Microsoft XNA (no, that's not an acronym, it's a load of crap) is the toolset which Microsoft is pushing for development of Windows and Xbox 360 games, providing game developers with a common standard to allow them to not have to worry about the "nuts and bolts boilerplate coding."

As well as giving this platform to developers, Microsoft has recently flung open the doors to homebrew developers on the PC and - critically - the Xbox 360. This will allow the bedroom coder crowd to develop on XNA.

But will they? I don't think so. The mod community which has been around since the days of Quake, and which exploded after the release of Half-Life in 1998, is much better at taking a complex developed game (we'll call it a platform) and reshaping it, rather than designing something from the ground up.

Generally speaking the amateur game developers who have designed their products from the ground up have suffered greatly in terms of what they finally manage to produce. Having to worry about everything from the game engine up costs mainstream developers a lot of time and money, and for amateur developers it can be a prolonged nightmare.

This is even so for mainstream developers - most developers simply buy a third party engine to run their games, essentially making them more professional mod squads. The Doom and Unreal engines are the current big wigs, and before that you couldn't fire up a World War II shooter that wasn't made in the Quake III engine.

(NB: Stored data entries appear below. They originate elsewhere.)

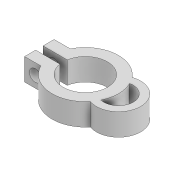
# Autodesk Inventor part: Spring_hook
Saved by Autodesk Inventor 2022 (Build 260153000, 153)
## iProperties
Created: 2022-07-09
Part Number: Spring_hook
Material: Generic
Document SubType Name: Modeling
Designer: dell
Density: 1 g/cm^3
Appearance: Default
Author: dell
Autodesk Inventor part; units mm, degrees
ref_plane "YZ Plane" through (0, 0, 0) normal (1, 0, 0) x (0, 1, 0)
ref_plane "XZ Plane" through (0, 0, 0) normal (0, 1, 0) x (-1, 0, 0)
ref_plane "XY Plane" through (0, 0, 0) normal (0, 0, 1) x (1, 0, 0)
sketch "Sketch1" plane through (0, 0, 0) normal (0, 1, 0) x (-1, 0, 0)
  circle A0 centre (0, 0) radius 6
  circle A1 centre (0, 0) radius 9
  line L0 (4.4721, 4) -> (12.4721, 4)
  line L1 (12.4721, 4) -> (12.4721, 1)
  line L2 (12.4721, 1) -> (4.4721, 1)
  line L3 (4.4721, 1) -> (4.4721, 4)
  line L4 (4.4721, -4) -> (12.4721, -4)
  line L5 (12.4721, -4) -> (12.4721, -1)
  line L6 (12.4721, -1) -> (4.4721, -1)
  line L7 (4.4721, -1) -> (4.4721, -4)
  circle A2 centre (-9, 0) radius 4
  circle A3 centre (-9, 0) radius 6
  point P0 (-8.1111, -3.9)
  point P1 (-8.1111, 3.9)
  point P2 (5.9161, 1)
  point P3 (8.0623, 4)
  point P4 (-7, 5.6569)
  point P5 (-7, -5.6569)
  point P6 (8.0623, -4)
  point P7 (5.9161, -1)
  dimension "d0" = 12
  dimension "d1" = 3
  dimension "d2" = 3
  dimension "d3" = 3
  dimension "d4" = 1
  dimension "d5" = 1
  dimension "d6" = 8
  dimension "d7" = 8
  dimension "d8" = 8
  dimension "d9" = 2
  constraints: 16 end point, 4 parallel, 3 centre point, 2 horizontal, 2 perpendicular, 2 point on circle, 1 coincident, 3 other
  measures "d0" diameter of A0
  measures "d2" distance between parallel lines of L0 L2
  measures "d3" distance between parallel lines of L4 L6
  measures "d4" distance from line of point (0, 0) L2
  measures "d5" distance from line of point (0, 0) L6
  measures "d6" distance between parallel lines of L3 L1
  measures "d7" distance between parallel lines of L7 L5
  measures "d8" diameter of A2
  measures "d9" radial gap between concentric circles of A2 A3
extrude "Extrusion1" add sketch "Sketch1" along normal blind 6 contours A0 L0 A1 L2 | L6 A1 L4 A0 | A0 A3 A1 L0 | A1 L0 L1 L2 | L4 A1 A3 A0 | L6 L5 L4 A1 | A0 A2 A1 A3 | A3 A1 A2 A0 | A0 A2 A1 | A1 A2 A3
sketch "Sketch2" plane through (-12.4721, 0, 4) normal (0, 0, 1) x (1, 0, 0)
  line L0 (0, 0) -> (4.4099, 0) projected
  line L1 (4.4099, 0) -> (4.4099, 6) projected
  line L2 (0, 6) -> (4.4099, 6) projected
  line L3 (0, 0) -> (0, 6) projected
  circle A0 centre (2.8989, 3) radius 1.6
  point P0 (12.4721, 0)
  dimension "d12" = 3.2
  constraints: 1 centre point
  measures "d12" diameter of A0
extrude "Extrusion2" cut sketch "Sketch2" against normal blind 10 contours A0 L1 | L1 A0
body "Solid1"

Microsoft is throwing open its platform to allow for development, but in reality I think that it will be developers who will be messing around with XNA, not modders. Mod squads are at their most successful taking a game like Half-Life 2 and twisting it around to their ends.

Comments (2)

Xerevius:

100% true. Mod teams are pulled together based on the love of a particular game.
I cannot forsee anyone attempting to get a non-professional team together and
build a game from the ground up without offering saleries.